_Task material_:
%%

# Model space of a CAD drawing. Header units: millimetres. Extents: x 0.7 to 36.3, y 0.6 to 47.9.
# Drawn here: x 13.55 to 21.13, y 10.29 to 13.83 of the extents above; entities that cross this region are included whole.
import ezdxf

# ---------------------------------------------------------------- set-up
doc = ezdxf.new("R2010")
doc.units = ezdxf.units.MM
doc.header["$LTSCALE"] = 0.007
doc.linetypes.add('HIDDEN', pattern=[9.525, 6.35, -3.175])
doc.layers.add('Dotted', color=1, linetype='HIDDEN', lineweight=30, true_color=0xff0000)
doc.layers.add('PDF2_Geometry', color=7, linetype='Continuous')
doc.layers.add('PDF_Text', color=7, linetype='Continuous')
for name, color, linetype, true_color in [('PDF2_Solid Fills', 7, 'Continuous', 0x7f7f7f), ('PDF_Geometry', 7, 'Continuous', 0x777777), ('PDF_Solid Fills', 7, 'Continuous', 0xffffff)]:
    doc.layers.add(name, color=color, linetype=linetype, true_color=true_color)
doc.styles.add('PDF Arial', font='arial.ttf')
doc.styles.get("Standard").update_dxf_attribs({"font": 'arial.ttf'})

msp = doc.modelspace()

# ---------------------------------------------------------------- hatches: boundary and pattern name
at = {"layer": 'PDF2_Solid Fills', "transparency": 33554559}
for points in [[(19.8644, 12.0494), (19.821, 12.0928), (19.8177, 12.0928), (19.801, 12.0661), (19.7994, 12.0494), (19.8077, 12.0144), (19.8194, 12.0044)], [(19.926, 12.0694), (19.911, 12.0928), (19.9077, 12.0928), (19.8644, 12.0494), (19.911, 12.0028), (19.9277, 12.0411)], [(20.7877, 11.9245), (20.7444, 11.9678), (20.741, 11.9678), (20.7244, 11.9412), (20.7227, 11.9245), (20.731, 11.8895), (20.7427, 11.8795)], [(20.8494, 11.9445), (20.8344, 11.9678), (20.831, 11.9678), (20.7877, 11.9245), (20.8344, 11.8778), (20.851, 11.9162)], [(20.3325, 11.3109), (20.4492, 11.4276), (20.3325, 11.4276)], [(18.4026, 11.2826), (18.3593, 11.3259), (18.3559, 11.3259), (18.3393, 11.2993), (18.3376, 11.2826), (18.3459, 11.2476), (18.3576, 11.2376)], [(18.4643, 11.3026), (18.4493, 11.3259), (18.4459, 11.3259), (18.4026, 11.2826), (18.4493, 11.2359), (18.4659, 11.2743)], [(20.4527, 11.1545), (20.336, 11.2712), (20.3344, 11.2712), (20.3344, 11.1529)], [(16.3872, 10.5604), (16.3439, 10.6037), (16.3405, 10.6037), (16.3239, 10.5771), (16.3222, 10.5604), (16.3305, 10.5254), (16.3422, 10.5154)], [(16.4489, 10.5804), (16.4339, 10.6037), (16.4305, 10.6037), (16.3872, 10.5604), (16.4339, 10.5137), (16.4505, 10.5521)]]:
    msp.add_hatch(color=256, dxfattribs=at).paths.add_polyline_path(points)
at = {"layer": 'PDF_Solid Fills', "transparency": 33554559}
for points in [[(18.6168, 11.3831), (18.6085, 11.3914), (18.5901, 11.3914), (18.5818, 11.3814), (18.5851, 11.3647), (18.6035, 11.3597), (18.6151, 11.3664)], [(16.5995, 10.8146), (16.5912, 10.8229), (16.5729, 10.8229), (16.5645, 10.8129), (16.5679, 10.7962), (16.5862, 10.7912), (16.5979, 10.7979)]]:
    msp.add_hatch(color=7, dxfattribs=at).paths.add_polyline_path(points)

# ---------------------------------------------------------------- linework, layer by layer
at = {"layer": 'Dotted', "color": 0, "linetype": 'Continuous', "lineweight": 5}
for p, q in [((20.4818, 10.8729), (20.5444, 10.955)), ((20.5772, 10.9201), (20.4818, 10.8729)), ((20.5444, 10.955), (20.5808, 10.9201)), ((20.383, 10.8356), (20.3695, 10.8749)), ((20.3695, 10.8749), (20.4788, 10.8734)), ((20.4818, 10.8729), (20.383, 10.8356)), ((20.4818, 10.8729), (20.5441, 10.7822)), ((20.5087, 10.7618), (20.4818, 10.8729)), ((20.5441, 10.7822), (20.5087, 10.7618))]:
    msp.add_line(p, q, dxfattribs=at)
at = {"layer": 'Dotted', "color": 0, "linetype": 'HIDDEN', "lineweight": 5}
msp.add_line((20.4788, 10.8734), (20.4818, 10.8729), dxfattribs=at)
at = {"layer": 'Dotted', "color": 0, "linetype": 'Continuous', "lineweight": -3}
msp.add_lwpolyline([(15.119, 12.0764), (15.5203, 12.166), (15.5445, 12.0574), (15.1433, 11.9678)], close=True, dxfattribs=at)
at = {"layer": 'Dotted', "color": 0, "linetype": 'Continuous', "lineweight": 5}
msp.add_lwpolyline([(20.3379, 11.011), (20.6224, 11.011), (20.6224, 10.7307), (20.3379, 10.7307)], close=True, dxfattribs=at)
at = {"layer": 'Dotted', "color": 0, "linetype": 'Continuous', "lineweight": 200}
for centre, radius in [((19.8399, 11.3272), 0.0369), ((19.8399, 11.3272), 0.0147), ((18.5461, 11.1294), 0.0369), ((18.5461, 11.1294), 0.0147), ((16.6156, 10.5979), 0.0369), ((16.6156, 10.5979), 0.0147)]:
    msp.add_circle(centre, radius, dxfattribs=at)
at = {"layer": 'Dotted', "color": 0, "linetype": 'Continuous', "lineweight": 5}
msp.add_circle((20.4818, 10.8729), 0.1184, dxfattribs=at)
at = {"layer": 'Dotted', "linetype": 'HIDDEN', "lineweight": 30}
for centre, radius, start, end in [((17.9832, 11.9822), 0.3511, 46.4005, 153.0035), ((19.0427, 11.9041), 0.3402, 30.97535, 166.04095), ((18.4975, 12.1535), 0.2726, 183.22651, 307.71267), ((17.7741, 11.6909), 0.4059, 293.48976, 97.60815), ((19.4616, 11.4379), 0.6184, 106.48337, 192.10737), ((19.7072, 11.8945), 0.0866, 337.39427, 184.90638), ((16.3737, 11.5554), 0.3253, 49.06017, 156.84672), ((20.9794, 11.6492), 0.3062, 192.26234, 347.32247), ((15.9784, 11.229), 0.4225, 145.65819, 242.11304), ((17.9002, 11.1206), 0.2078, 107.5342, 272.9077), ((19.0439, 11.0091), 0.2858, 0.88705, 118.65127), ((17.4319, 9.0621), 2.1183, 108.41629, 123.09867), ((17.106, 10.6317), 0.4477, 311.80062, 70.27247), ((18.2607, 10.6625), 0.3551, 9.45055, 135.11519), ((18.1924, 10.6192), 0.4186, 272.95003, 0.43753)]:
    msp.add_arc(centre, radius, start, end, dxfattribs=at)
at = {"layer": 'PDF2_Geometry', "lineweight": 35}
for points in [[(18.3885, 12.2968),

%%

_Requirement_: Gather from the data above every line with the string "font".

_Output of the exercise_:
doc.styles.add('PDF Arial', font='arial.ttf')
doc.styles.get("Standard").update_dxf_attribs({"font": 'arial.ttf'})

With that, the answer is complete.